Recursion, and why the algebra is closed
The genuinely hard case in classical IVM is recursion: transitive closure, graph reachability, WITH RECURSIVE. DBSP handles it because recursion is just a feedback loop in the circuit, and the algebra is closed under the fixed-point operator. A recursive query becomes a nested circuit that iterates to a fixed point at each timestep, and the same D ∘ Q ∘ I identity applies to the whole nested block.
The practical consequence is dramatic. Consider maintaining the set of nodes reachable from a source in a graph, under a stream of edge insertions and deletions:
CREATE VIEW reachable AS
WITH RECURSIVE r(node) AS (
SELECT source FROM roots
UNION
SELECT e.dst FROM r JOIN edges e ON r.node = e.src
)
SELECT node FROM r;A from-scratch recomputation is O(V·E) per change. The DBSP-incrementalized version does work proportional to the number of reachability facts that actually change when an edge is added or removed, which for most updates is a tiny fraction of the graph. The same query text, same semantics, radically different cost profile — and the developer changed nothing.
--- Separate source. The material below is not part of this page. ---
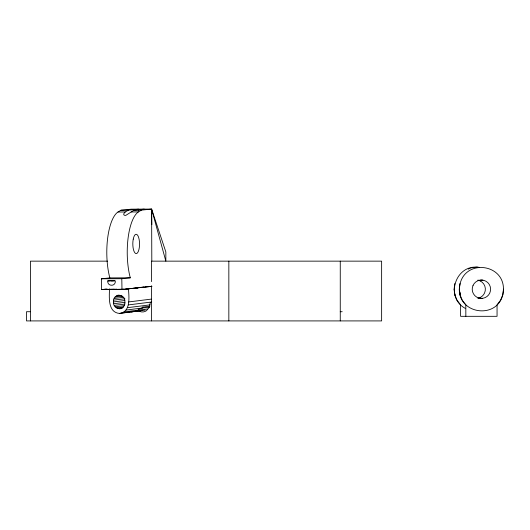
<?xml version="1.0" encoding="UTF-8"?>
<svg xmlns="http://www.w3.org/2000/svg" width="530" height="530" viewBox="0 0 530 530"><rect width="100%" height="100%" fill="white"/><g stroke="black" fill="none" stroke-linecap="round" stroke-linejoin="round"><path stroke-width="0.79" d="M138.443 210.244L138.542 209.145L128.346 210.205L120.979 210.218L117.978 212.007A41.678 14.568 89.8 0 0 109.856 277.906L101.369 278.793L101.535 289.585L121.98 289.493L137.396 287.883L126.087 289.022M113.506 301.934C112.532 293.229 125.67 293.335 124.881 301.934C125.855 310.64 112.711 310.54 113.506 301.934L124.762 300.53M109.518 288.936C109.246 297.038 107.742 312.316 119.369 313.422C131.009 312.289 128.982 296.893 128.472 288.936L126.1 288.936M502.765 294.925C509.741 262.847 460.941 256.341 459.318 289.135C458.848 314.277 496.709 319.385 502.765 294.925L503.5 289.135M465.181 308.327C444.372 297.091 456.032 263.012 479.398 267.511M459.318 289.228L460.053 283.51M454.819 283.51L454.084 289.228M138.496 310.746A9.54 8.036 -90 0 0 146.393 310.746L149.288 307.38L150.315 302.524M502.758 294.852L500.565 300.185L497.06 304.77L497.054 316.317L460.61 316.317L460.61 304.823L457.065 300.265L454.846 294.945L454.283 290.751M142.332 308.016L142.915 307.082L149.957 306.201M128.346 210.205C126.73 211.231 123.477 212.344 123.702 214.763L124.934 215.471L125.961 215.286L134.037 210.178L144.233 209.118M131.102 211.947L138.416 211.914L141.417 210.125L151.607 209.085L165.844 251.949L165.844 261.144L151.607 209.085L131.162 209.178L120.979 210.218M468.195 269.121L470.481 268.173M142.915 307.082L142.126 307.38L142.179 308.036L138.569 309.281L138.31 310.103L134.911 311.395L131.394 311.918M471.236 267.855L476.954 267.087L479.405 267.405M143.816 287.002L136.634 287.896L151.997 286.346L121.98 289.493L121.807 278.707L130.294 277.813A41.678 14.568 89.8 0 1 138.416 211.914M145.412 286.81L147.804 286.511M117.62 295.283L119.21 295.084M116.262 295.972L121.158 295.356M115.096 297.065L122.331 296.157M114.215 298.489L123.861 297.284M113.672 300.152L124.928 298.748M113.731 303.716L124.981 302.312M128.671 301.934L151.182 299.125M114.321 305.379L124.775 304.074M128.393 304.909L151.706 301.994M115.249 306.81L124.093 305.704M116.441 307.904L123.675 306.996M117.826 308.592L122.649 307.99M119.296 308.824L121.708 308.526M127.485 307.678L150.07 304.869M126.021 310.057L149.374 307.135M124.086 311.878L147.479 308.957M121.814 313.025L145.16 310.11M119.369 313.422L142.676 310.507M114.235 289.108L101.535 289.585L106.404 289.075M107.729 280.926L115.315 280.926C115.957 286.73 107.193 286.67 107.729 280.926L110.989 280.602M111.525 280.926L114.778 280.602M116.58 289.135L111.757 289.539L123.695 289.108M101.535 289.585L107.285 289.128M134.037 210.178L141.417 210.125M117.978 212.007L125.272 211.973M109.856 277.906L130.294 277.813M101.369 278.793L121.807 278.707M107.577 261.144L30.435 261.144L30.435 320.915M30.448 311.719L26.5 311.719L26.5 320.915L381.633 320.915L381.633 261.144L151.607 261.144L151.607 281.615M340.26 311.719L342.181 311.719M480.584 280.059L482.982 280.158M479.842 298.277L482.24 298.377M459.517 290.751L460.08 294.945L462.299 300.265L465.817 304.836L465.843 316.317M459.318 289.195L460.08 294.945L459.676 291.851L459.874 293.395M454.084 289.195L454.846 294.945L454.442 291.851L454.641 293.395M151.845 224.634L151.607 209.085L151.812 261.144M340.26 261.144L340.26 320.915M228.841 261.144L228.841 320.915M151.607 285.703L151.607 320.915M480.173 297.847A9.196 9.196 0 0 1 478.623 298.271M478.57 280.158A9.196 9.196 0 0 1 480.862 280.873M477.795 298.271A9.196 9.196 0 0 0 484.519 293.077L485.235 290.784A9.196 9.196 0 0 0 477.742 280.158M473.065 285.359L472.349 287.651A9.196 9.196 0 0 0 489.753 293.077L490.469 290.784A9.196 9.196 0 0 0 473.065 285.359M133.249 239.116A9.653 3.359 89.8 0 0 136.203 253.598A9.653 3.359 89.8 0 0 139.072 239.116A9.653 3.359 89.8 0 0 133.249 239.116"/></g></svg>

What the runtime actually stores
The theory says incremental operators keep integrated state (the I boxes that did not cancel). In practice this state is the set of indexes the query needs: join indexes keyed by join column, aggregation state keyed by group. DBSP runtimes store these as persistent, sharded key-value structures (Feldera layers them on RocksDB-style storage) and checkpoint them for fault tolerance. Two engineering properties fall out of the algebra:
- Bounded work per step. Each operator touches only the keys mentioned in the incoming delta. A one-row insert into a billion-row table joins against exactly the matching keys on the other side, not the whole table.
- Deterministic replay. Because the circuit is a pure function of its input stream, reprocessing the same change stream reproduces the same state. Recovery is replaying deltas from the last checkpoint — no separate reconciliation logic.
A subtle cost worth naming: incremental joins must retain both integrated inputs as indexes. State grows with the base data, not just the change rate. For an unbounded stream joined against itself, you need retention policies or windowing, exactly as you would in any stateful stream processor. DBSP does not make state free; it makes the computation proportional to change while being explicit about what must be remembered.
Why this matters
The older streaming systems — those built on hand-written delta rules or on operator-specific incremental logic — could never guarantee that an arbitrary query would incrementalize correctly. You wrote streaming code and batch code separately and hoped they agreed. DBSP's contribution is that batch and streaming become the same program. You write the query once as if over a static database; the D ∘ Q ∘ I machinery mechanically produces the streaming version, with a proof that the two compute identical results.
That is the quiet revolution here. Not a faster join or a cleverer index, but a closed algebra in which incrementality is a theorem rather than an implementation detail. The materialized view stops being a maintenance liability and becomes what it always should have been: a query you wrote once, kept fresh for free, in time proportional to the change.